In 1923, F.W. Up de Graff reported that an anaconda was seen lying in the water underneath his canoe. He estimated that it measured fifty feet in length, "and probably nearer sixty". Nine years earlier, Algot Lange claimed to have shot and killed an anaconda of similar length; its skin was sent to New York.

In 1933, the Brazil-Colombia Boundary Commission claimed that an anaconda some ninety feet long was killed on the banks of the Rio Negro. A photograph was also supplied.

Another photograph surfaced in 1948. An anaconda about one hundred feet long, was killed in Fort Tabatinga, on the Rio Oiapoc. The photograph, however, makes it difficult to determine if the snake was actually of the length cited.

Painter Serge Bonacase told Heuvelmans of an encounter with a Sucuriju that he had in 1947. Almost twenty other men were with Bonacase at the time of this encounter. Bonacase's sighting took place in the swampy area between the Rio Manso and the Rio Cristalino.

The guide pointed out an anaconda asleep on a rise in the ground and half hidden among the grass. We approached to within 20m and fired our rifles at it several times ... Only then did we realise how enormous it was.

Using a piece of string about three feet in length, Bonacase's party estimated the snake's length at about seventy feet. Heuvelmans feels that the animal was, at the very least, about sixty-five feet in length.

While investigating the holadeira in June, 1995, Jeremy Wade recorded the tale of Dorgival Sabino, who encountered a giant anaconda in the Rio Negro near the city of Manaus. The snake was about sixty-five feet long, which seems to be the average length of a Sucuriju. His report is unusual, though, in that he says the snake had either horns or extremely long teeth.

Wade also collected a similar report from Amarilho Vincente de Oliveira. One evening around 1977, he encountered a horned sucuriju on the Rio Purus. "Its head had horns like the roots of a tree," de Oliveira said, "and we could see these greenish eyes as well".

The next year, when Wade returned to the Amazon, he decided to look into the reports further. He travelled to one of the sighting areas; although he does not specify which, I believe it may be the area along the Rio Purus where de Oliveira had his sighting. He found that two brothers fishing in the river had seen a giant anaconda stick its head about twenty inches out of the water.

Soon after, one of the brothers found a skull and ribs of an anaconda.
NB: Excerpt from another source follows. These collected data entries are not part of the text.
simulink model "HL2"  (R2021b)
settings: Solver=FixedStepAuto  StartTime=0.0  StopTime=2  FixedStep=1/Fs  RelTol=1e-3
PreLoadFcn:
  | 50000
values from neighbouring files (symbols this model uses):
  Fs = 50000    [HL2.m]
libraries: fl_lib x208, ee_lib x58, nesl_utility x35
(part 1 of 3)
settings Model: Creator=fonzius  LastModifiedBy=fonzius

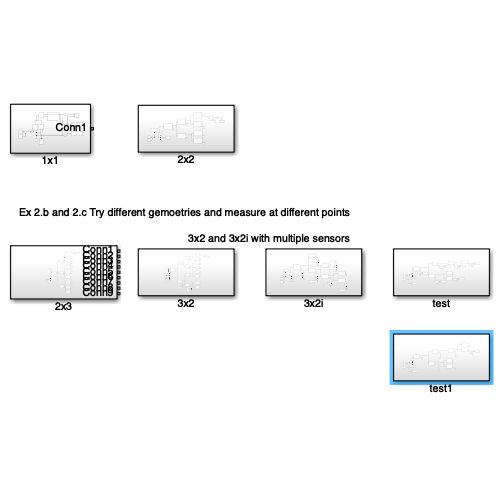
[thumbnail: Simulink's stored preview of the top-level diagram]
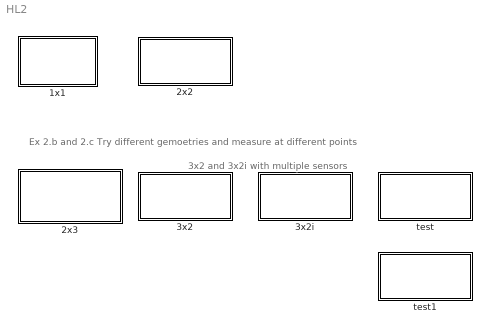
== system HL2 ==
  note: 3x2 and 3x2i with multiple sensors
  note: Ex 2.b and 2.c Try different gemoetries and measure at different points
  1x1 : Subsystem
  2x2 : Subsystem
  2x3 : Subsystem
  3x2 : Subsystem
  3x2i : Subsystem
  test : Subsystem
  test1 : Subsystem

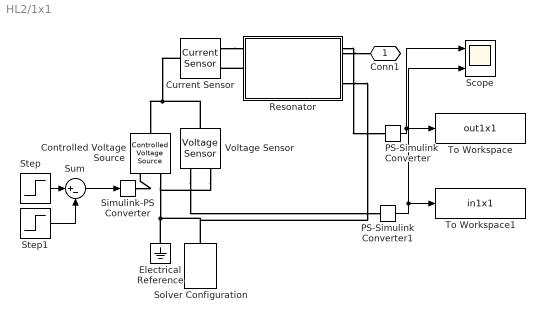
== system HL2/1x1 ==
  Controlled Voltage Source : fl_lib/Electrical/Electrical Sources/Controlled Voltage Source
  Current Sensor : fl_lib/Electrical/Electrical Sensors/Current Sensor
  Electrical Reference : fl_lib/Electrical/Electrical Elements/Electrical Reference
  PS-Simulink Converter : nesl_utility/PS-Simulink Converter  PhysicalDomain=network_engine_domain  SubClassName=ps_output  LeftPortType=input  RightPortType=output  PseudoPeriodic=off  Frequencies=[]  Unit=inherit  AffineConversion=off
      settings: SourceProductBaseCode=PW,SS
  PS-Simulink Converter1 : nesl_utility/PS-Simulink Converter  PhysicalDomain=network_engine_domain  SubClassName=ps_output  LeftPortType=input  RightPortType=output  PseudoPeriodic=off  Frequencies=[]  Unit=inherit  AffineConversion=off
      settings: SourceProductBaseCode=PW,SS
  Resonator : Subsystem
  Scope : Scope  NumInputPorts=2
  Simulink-PS Converter : nesl_utility/Simulink-PS Converter  PhysicalDomain=network_engine_domain  SubClassName=ps_input  LeftPortType=input  RightPortType=output  PseudoPeriodic=off  Frequencies=[]  NoiseDistribution=none  NoiseParameters=[]  Unit=1  AffineConversion=off  FilteringAndDerivatives=provide  SimscapeFilterOrder=1  InputFilterTimeConstant=0.001  UdotUserProvided=0
      settings: SourceProductBaseCode=PW,SS
  Solver Configuration : nesl_utility/Solver Configuration  PhysicalDomain=network_engine_domain  SubClassName=solver  LeftPortType=input  RightPortType=generic  Tones=[]  Harmonics=[]  SimulateNoise=off  Profile=off  UseLocalSampling=off  EnableSwitchedLinearOptims=on  FrequencyDomain=off  UseCCode=off  RelTol=0.001  AbsTol=1e-06  MinStep=1e-09  ToWorkspace=off  RevertToSquareIcSolve=off  NumHomotopyIterations=100  PhasorMode=off  PhasorModeNumHarmonics=1  DoDC=on  ResidualTolerance=1e-09  UseLocalSolver=off  LocalSolverChoice=NE_BACKWARD_EULER_ADVANCER  LocalSolverSampleTime=0.001  DoFixedCost=off  MaxNonlinIter=3  MaxModeIter=2  ComputeImpulses=off  ImpulseIterations=2  LinearAlgebra=auto  EquationFormulation=NE_TIME_EF  DelaysMemoryBudget=1024  AutomaticFiltering=on  FilteringTimeConstant=0.001  PartitionStorageMethod=AS_NEEDED  PartitionMemoryBudget=1024  PartitionMethod=ROBUST
      settings: SourceProductBaseCode=PW,SS
  Step : Step  Time=1/Fs  SampleTime=0
  Step1 : Step  Time=2/Fs  SampleTime=0
  Sum : Sum  Inputs=|+-
  To Workspace : ToWorkspace  VariableName=out1x1  SaveFormat=Timeseries  SampleTime=-1
  To Workspace1 : ToWorkspace  VariableName=in1x1  SaveFormat=Timeseries  SampleTime=-1
  Voltage Sensor : fl_lib/Electrical/Electrical Sensors/Voltage Sensor
  Conn1 : PMIOPort  Side=Right
  wires:
  Sum/1 -> Simulink-PS Converter/1
  PS-Simulink Converter/1 -> To Workspace/1, Scope/1
  Step/1 -> Sum/1
  PS-Simulink Converter1/1 -> Scope/2, To Workspace1/1
  Step1/1 -> Sum/2
  connections:
  Voltage Sensor/RConn1 -- PS-Simulink Converter1/LConn1
  Current Sensor/RConn1 -- PS-Simulink Converter/LConn1
  Electrical Reference/LConn1 -- Resonator/RConn2 -- Solver Configuration/RConn1 -- Voltage Sensor/RConn2 -- Controlled Voltage Source/RConn2
  Resonator/LConn1 -- Current Sensor/RConn2
  Simulink-PS Converter/RConn1 -- Controlled Voltage Source/RConn1
  Resonator/RConn1 -- Conn1/RConn1
  Voltage Sensor/LConn1 -- Current Sensor/LConn1 -- Controlled Voltage Source/LConn1

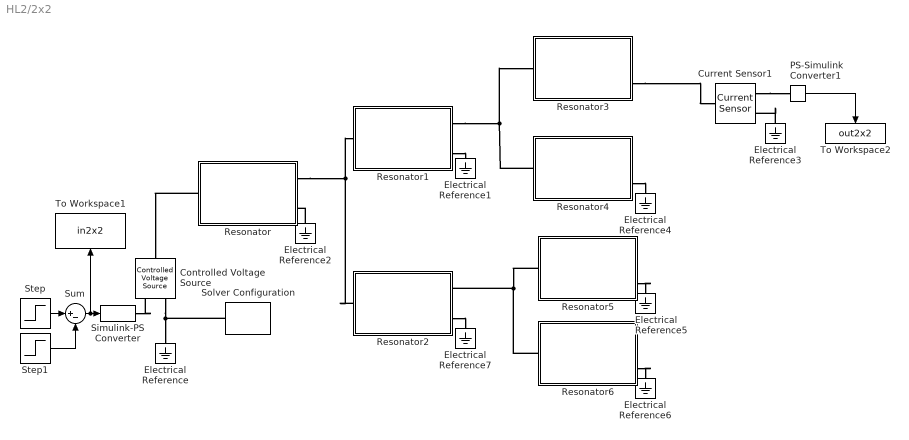
== system HL2/2x2 ==
  Controlled Voltage Source : fl_lib/Electrical/Electrical Sources/Controlled Voltage Source
  Current Sensor1 : fl_lib/Electrical/Electrical Sensors/Current Sensor
  Electrical Reference{,1..7} (8 alike) : fl_lib/Electrical/Electrical Elements/Electrical Reference
  PS-Simulink Converter1 : nesl_utility/PS-Simulink Converter  PhysicalDomain=network_engine_domain  SubClassName=ps_output  LeftPortType=input  RightPortType=output  PseudoPeriodic=off  Frequencies=[]  Unit=inherit  AffineConversion=off
      settings: SourceProductBaseCode=PW,SS
  Resonator : Subsystem
  Resonator1 : Subsystem
  Resonator2 : Subsystem
  Resonator3 : Subsystem
  Resonator4 : Subsystem
  Resonator5 : Subsystem
  Resonator6 : Subsystem
  Simulink-PS Converter : nesl_utility/Simulink-PS Converter  PhysicalDomain=network_engine_domain  SubClassName=ps_input  LeftPortType=input  RightPortType=output  PseudoPeriodic=off  Frequencies=[]  NoiseDistribution=none  NoiseParameters=[]  Unit=1  AffineConversion=off  FilteringAndDerivatives=provide  SimscapeFilterOrder=1  InputFilterTimeConstant=0.001  UdotUserProvided=0
      settings: SourceProductBaseCode=PW,SS
  Solver Configuration : nesl_utility/Solver Configuration  PhysicalDomain=network_engine_domain  SubClassName=solver  LeftPortType=input  RightPortType=generic  Tones=[]  Harmonics=[]  SimulateNoise=off  Profile=off  UseLocalSampling=off  EnableSwitchedLinearOptims=on  FrequencyDomain=off  UseCCode=off  RelTol=0.001  AbsTol=1e-06  MinStep=1e-09  ToWorkspace=off  RevertToSquareIcSolve=off  NumHomotopyIterations=100  PhasorMode=off  PhasorModeNumHarmonics=1  DoDC=on  ResidualTolerance=1e-09  UseLocalSolver=off  LocalSolverChoice=NE_BACKWARD_EULER_ADVANCER  LocalSolverSampleTime=0.001  DoFixedCost=off  MaxNonlinIter=3  MaxModeIter=2  ComputeImpulses=off  ImpulseIterations=2  LinearAlgebra=auto  EquationFormulation=NE_TIME_EF  DelaysMemoryBudget=1024  AutomaticFiltering=on  FilteringTimeConstant=0.001  PartitionStorageMethod=AS_NEEDED  PartitionMemoryBudget=1024  PartitionMethod=ROBUST
      settings: SourceProductBaseCode=PW,SS
  Step : Step  Time=1/Fs  SampleTime=0
  Step1 : Step  Time=2/Fs  SampleTime=0
  Sum : Sum  Inputs=|+-
  To Workspace1 : ToWorkspace  VariableName=in2x2  SaveFormat=Timeseries  SampleTime=-1
  To Workspace2 : ToWorkspace  VariableName=out2x2  SaveFormat=Timeseries  SampleTime=-1
  wires:
  Step1/1 -> Sum/2
  Step/1 -> Sum/1
  Sum/1 -> To Workspace1/1, Simulink-PS Converter/1
  PS-Simulink Converter1/1 -> To Workspace2/1
  connections:
  Resonator2/RConn2 -- Electrical Reference7/LConn1
  Resonator/RConn1 -- Resonator1/LConn1 -- Resonator2/LConn1
  Resonator5/RConn2 -- Electrical Reference5/LConn1
  Resonator4/RConn2 -- Electrical Reference4/LConn1
  Resonator1/RConn1 -- Resonator3/LConn1 -- Resonator4/LConn1
  Resonator5/LConn1 -- Resonator6/LConn1 -- Resonator2/RConn1
  Resonator6/RConn2 -- Electrical Reference6/LConn1
  Resonator/LConn1 -- Controlled Voltage Source/LConn1
  Simulink-PS Converter/RConn1 -- Controlled Voltage Source/RConn1
  Solver Configuration/RConn1 -- Electrical Reference/LConn1 -- Controlled Voltage Source/RConn2
  Current Sensor1/RConn1 -- PS-Simulink Converter1/LConn1
  Electrical Reference3/LConn1 -- Current Sensor1/RConn2
  Electrical Reference2/LConn1 -- Resonator/RConn2
  Resonator3/RConn2 -- Current Sensor1/LConn1
  Resonator1/RConn2 -- Electrical Reference1/LConn1

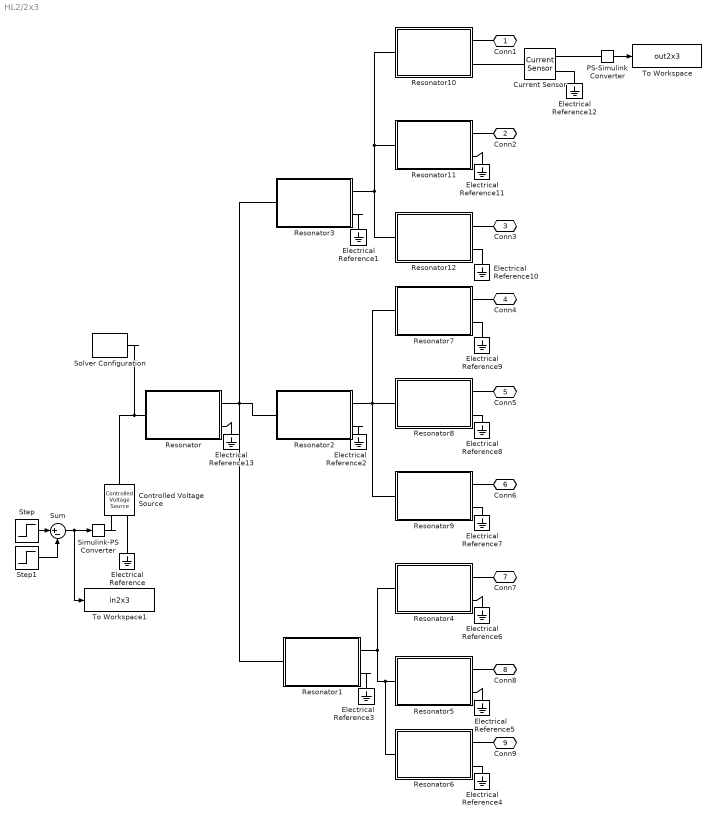
== system HL2/2x3 ==
  Controlled Voltage Source : fl_lib/Electrical/Electrical Sources/Controlled Voltage Source
  Current Sensor : fl_lib/Electrical/Electrical Sensors/Current Sensor
  Electrical Reference{,1..13} (14 alike) : fl_lib/Electrical/Electrical Elements/Electrical Reference
  PS-Simulink Converter : nesl_utility/PS-Simulink Converter  PhysicalDomain=network_engine_domain  SubClassName=ps_output  LeftPortType=input  RightPortType=output  PseudoPeriodic=off  Frequencies=[]  Unit=inherit  AffineConversion=off
      settings: SourceProductBaseCode=PW,SS
  Resonator : Subsystem
  Resonator1 : Subsystem
  Resonator10 : Subsystem
  Resonator11 : Subsystem
  Resonator12 : Subsystem
  Resonator2 : Subsystem
  Resonator3 : Subsystem
  Resonator4 : Subsystem
  Resonator5 : Subsystem
  Resonator6 : Subsystem
  Resonator7 : Subsystem
  Resonator8 : Subsystem
  Resonator9 : Subsystem
  Simulink-PS Converter : nesl_utility/Simulink-PS Converter  PhysicalDomain=network_engine_domain  SubClassName=ps_input  LeftPortType=input  RightPortType=output  PseudoPeriodic=off  Frequencies=[]  NoiseDistribution=none  NoiseParameters=[]  Unit=1  AffineConversion=off  FilteringAndDerivatives=provide  SimscapeFilterOrder=1  InputFilterTimeConstant=0.001  UdotUserProvided=0
      settings: SourceProductBaseCode=PW,SS
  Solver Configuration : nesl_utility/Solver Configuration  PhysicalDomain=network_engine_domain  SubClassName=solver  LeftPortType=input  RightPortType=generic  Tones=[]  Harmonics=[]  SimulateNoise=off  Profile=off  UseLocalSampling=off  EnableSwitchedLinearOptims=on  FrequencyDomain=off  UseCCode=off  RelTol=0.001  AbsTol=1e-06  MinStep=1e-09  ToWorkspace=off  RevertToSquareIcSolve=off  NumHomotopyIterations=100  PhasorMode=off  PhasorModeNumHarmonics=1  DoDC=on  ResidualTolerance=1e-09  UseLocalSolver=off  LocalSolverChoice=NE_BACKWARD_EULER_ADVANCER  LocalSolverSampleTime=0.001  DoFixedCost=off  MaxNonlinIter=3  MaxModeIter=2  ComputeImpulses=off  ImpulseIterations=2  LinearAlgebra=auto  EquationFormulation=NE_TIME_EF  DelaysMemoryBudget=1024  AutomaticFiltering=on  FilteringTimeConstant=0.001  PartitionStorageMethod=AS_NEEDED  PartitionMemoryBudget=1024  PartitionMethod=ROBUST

His measurements led Wade to estimate that the snake was, in life, at least thirty feet long. Another man in the same area told of seeing an anaconda's rib some 3 feet long. This is probably apocryphal, since in life the snake would have approached one hundred and fifty feet long.

More recent reports of the anaconda were made in 1995 by botanist Grace Rebelo dos Santos. In June of that year, she saw two bluish lights nearly a foot apart. This came shortly after a net became caught on something heavy. She cautiously suggested that this might be a sucuriju. On December 23, she encountered what might have been a second giant anaconda. She saw a "waterspout" about ten inches tall, and a long, dark shape was seen underneath it.


HEUVELMANS, Bernard
    1995         On the Track of Unknown Animals (reprint).  London: Kegan Paul. 

WADE, Jeremy
    1997         Snakes Alive!  Fortean Times 97 (May).